Directions:
Reproduce word for word the lines between those holding "#20=DIRECTION('',(-1.,0.,0.));" and "#42=EDGE_CURVE('E403',#41,#41,#39,.T.);", inclusive, and nothing else from the data below.

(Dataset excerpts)
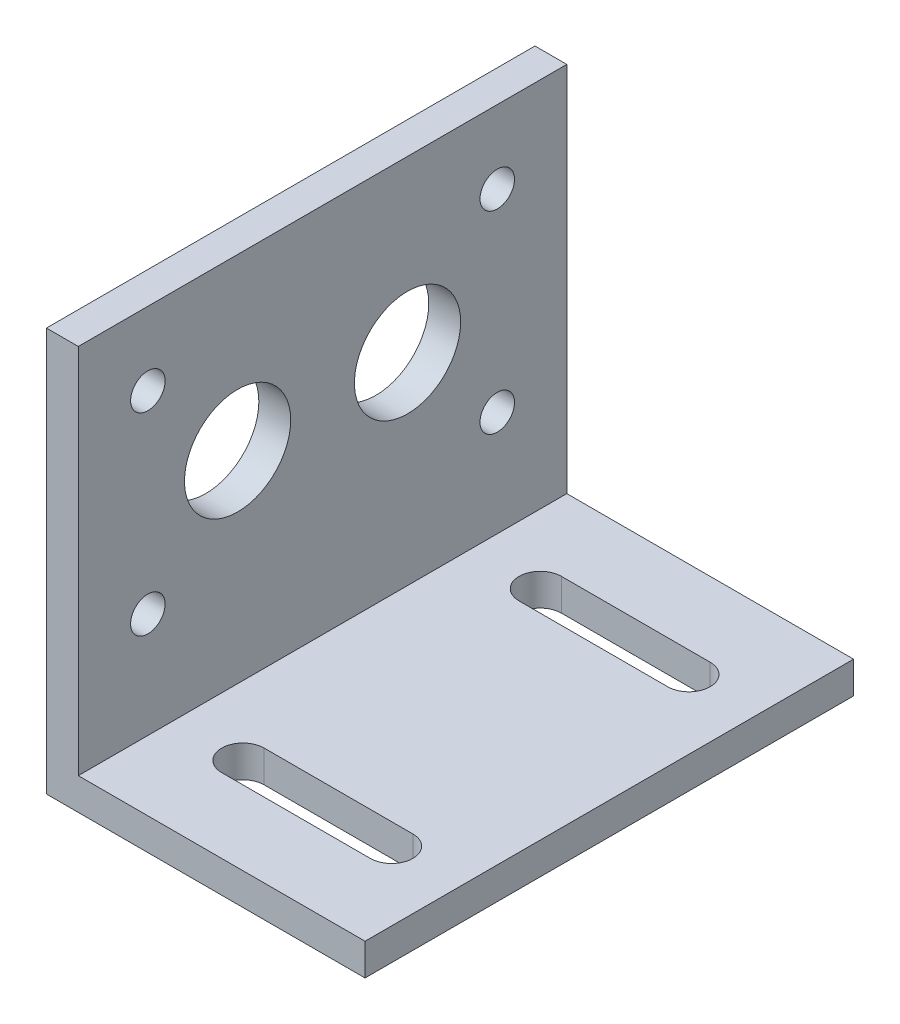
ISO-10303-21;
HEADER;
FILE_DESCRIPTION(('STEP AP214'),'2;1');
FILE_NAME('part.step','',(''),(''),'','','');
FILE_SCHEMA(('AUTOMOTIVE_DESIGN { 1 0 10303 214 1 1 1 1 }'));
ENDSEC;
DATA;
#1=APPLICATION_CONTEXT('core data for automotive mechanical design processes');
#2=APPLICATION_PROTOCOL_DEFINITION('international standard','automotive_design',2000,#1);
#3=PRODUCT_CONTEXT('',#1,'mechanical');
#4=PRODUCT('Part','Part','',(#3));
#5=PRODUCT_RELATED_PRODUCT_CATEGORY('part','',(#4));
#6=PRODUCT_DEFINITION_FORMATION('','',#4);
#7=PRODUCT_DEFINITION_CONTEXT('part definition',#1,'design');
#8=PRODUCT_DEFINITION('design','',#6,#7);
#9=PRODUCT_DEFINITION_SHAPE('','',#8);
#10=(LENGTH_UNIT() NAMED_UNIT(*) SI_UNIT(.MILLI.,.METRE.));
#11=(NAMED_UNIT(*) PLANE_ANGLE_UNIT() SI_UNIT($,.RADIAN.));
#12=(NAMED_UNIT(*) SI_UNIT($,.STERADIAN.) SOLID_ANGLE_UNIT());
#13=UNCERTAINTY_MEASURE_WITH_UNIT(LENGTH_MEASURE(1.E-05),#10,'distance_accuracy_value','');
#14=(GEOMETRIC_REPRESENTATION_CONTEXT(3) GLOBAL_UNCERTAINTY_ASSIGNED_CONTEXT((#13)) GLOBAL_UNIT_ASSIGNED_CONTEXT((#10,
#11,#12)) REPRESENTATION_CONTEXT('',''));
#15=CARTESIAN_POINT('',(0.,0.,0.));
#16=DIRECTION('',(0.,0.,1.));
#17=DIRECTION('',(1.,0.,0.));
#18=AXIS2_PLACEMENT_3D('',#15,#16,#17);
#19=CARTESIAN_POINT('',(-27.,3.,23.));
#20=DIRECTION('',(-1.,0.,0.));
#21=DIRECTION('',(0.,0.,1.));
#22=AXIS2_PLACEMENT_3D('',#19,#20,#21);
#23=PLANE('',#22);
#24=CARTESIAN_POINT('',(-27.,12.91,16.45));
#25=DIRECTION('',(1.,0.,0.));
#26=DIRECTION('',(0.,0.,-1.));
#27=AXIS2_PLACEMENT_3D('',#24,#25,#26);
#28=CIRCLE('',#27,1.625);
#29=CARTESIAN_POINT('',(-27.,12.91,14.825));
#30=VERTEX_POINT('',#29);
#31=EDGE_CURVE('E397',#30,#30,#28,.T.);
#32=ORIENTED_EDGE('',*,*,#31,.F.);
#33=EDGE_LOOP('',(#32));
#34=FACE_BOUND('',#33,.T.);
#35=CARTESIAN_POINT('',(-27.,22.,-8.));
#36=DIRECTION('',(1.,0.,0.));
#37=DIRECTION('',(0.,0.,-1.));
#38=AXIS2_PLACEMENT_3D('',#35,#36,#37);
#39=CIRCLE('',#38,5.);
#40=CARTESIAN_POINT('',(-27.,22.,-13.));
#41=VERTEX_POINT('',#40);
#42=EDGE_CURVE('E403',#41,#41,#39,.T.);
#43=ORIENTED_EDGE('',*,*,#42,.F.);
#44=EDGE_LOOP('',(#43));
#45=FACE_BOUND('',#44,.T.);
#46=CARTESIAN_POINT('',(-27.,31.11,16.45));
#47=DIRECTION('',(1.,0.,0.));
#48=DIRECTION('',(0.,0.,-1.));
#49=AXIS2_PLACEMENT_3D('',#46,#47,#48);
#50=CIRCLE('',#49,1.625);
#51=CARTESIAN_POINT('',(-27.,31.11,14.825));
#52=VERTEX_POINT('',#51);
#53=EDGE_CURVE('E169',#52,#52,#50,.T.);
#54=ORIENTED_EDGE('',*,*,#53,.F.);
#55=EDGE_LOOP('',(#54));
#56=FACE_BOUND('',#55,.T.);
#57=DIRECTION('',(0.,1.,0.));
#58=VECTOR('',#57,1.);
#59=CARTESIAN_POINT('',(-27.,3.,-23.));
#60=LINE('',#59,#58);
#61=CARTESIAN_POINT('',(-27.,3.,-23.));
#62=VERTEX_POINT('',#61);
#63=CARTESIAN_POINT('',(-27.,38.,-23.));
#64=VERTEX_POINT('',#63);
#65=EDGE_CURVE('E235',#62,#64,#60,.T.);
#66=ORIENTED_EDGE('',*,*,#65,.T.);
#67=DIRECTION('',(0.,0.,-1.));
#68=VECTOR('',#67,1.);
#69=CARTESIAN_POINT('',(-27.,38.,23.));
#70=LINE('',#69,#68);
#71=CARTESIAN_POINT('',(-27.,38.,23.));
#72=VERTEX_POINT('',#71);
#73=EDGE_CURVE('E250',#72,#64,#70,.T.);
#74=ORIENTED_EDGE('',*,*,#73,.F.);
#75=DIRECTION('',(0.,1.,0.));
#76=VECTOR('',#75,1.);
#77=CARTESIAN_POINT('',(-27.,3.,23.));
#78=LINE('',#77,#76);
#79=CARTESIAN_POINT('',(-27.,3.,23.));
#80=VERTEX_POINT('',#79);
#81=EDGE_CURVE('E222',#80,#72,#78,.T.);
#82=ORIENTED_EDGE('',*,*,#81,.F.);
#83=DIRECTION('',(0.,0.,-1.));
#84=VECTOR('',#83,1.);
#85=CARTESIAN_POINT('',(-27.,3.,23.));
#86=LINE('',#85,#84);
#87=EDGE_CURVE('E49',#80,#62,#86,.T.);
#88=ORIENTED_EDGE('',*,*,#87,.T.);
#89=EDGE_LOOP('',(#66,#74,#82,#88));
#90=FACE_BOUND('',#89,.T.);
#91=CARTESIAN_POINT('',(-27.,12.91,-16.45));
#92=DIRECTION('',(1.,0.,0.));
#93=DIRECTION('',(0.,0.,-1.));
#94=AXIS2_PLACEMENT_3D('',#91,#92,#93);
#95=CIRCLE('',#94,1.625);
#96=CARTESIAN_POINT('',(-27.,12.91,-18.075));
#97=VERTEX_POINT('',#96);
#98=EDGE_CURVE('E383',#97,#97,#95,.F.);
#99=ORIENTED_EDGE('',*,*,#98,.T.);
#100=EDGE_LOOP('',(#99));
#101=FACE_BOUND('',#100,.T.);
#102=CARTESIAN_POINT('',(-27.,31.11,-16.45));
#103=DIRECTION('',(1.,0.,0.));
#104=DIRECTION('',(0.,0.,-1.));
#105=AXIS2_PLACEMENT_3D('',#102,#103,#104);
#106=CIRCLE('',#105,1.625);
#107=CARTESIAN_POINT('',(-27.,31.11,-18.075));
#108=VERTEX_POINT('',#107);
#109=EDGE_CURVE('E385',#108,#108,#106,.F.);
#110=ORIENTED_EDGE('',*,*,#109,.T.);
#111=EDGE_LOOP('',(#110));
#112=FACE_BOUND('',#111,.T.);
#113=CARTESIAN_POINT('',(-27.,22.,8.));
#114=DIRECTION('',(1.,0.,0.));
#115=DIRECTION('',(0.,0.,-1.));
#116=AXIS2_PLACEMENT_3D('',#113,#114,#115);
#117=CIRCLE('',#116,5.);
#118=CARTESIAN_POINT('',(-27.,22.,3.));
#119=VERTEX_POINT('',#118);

Expected answer:
#20=DIRECTION('',(-1.,0.,0.));
#21=DIRECTION('',(0.,0.,1.));
#22=AXIS2_PLACEMENT_3D('',#19,#20,#21);
#23=PLANE('',#22);
#24=CARTESIAN_POINT('',(-27.,12.91,16.45));
#25=DIRECTION('',(1.,0.,0.));
#26=DIRECTION('',(0.,0.,-1.));
#27=AXIS2_PLACEMENT_3D('',#24,#25,#26);
#28=CIRCLE('',#27,1.625);
#29=CARTESIAN_POINT('',(-27.,12.91,14.825));
#30=VERTEX_POINT('',#29);
#31=EDGE_CURVE('E397',#30,#30,#28,.T.);
#32=ORIENTED_EDGE('',*,*,#31,.F.);
#33=EDGE_LOOP('',(#32));
#34=FACE_BOUND('',#33,.T.);
#35=CARTESIAN_POINT('',(-27.,22.,-8.));
#36=DIRECTION('',(1.,0.,0.));
#37=DIRECTION('',(0.,0.,-1.));
#38=AXIS2_PLACEMENT_3D('',#35,#36,#37);
#39=CIRCLE('',#38,5.);
#40=CARTESIAN_POINT('',(-27.,22.,-13.));
#41=VERTEX_POINT('',#40);
#42=EDGE_CURVE('E403',#41,#41,#39,.T.);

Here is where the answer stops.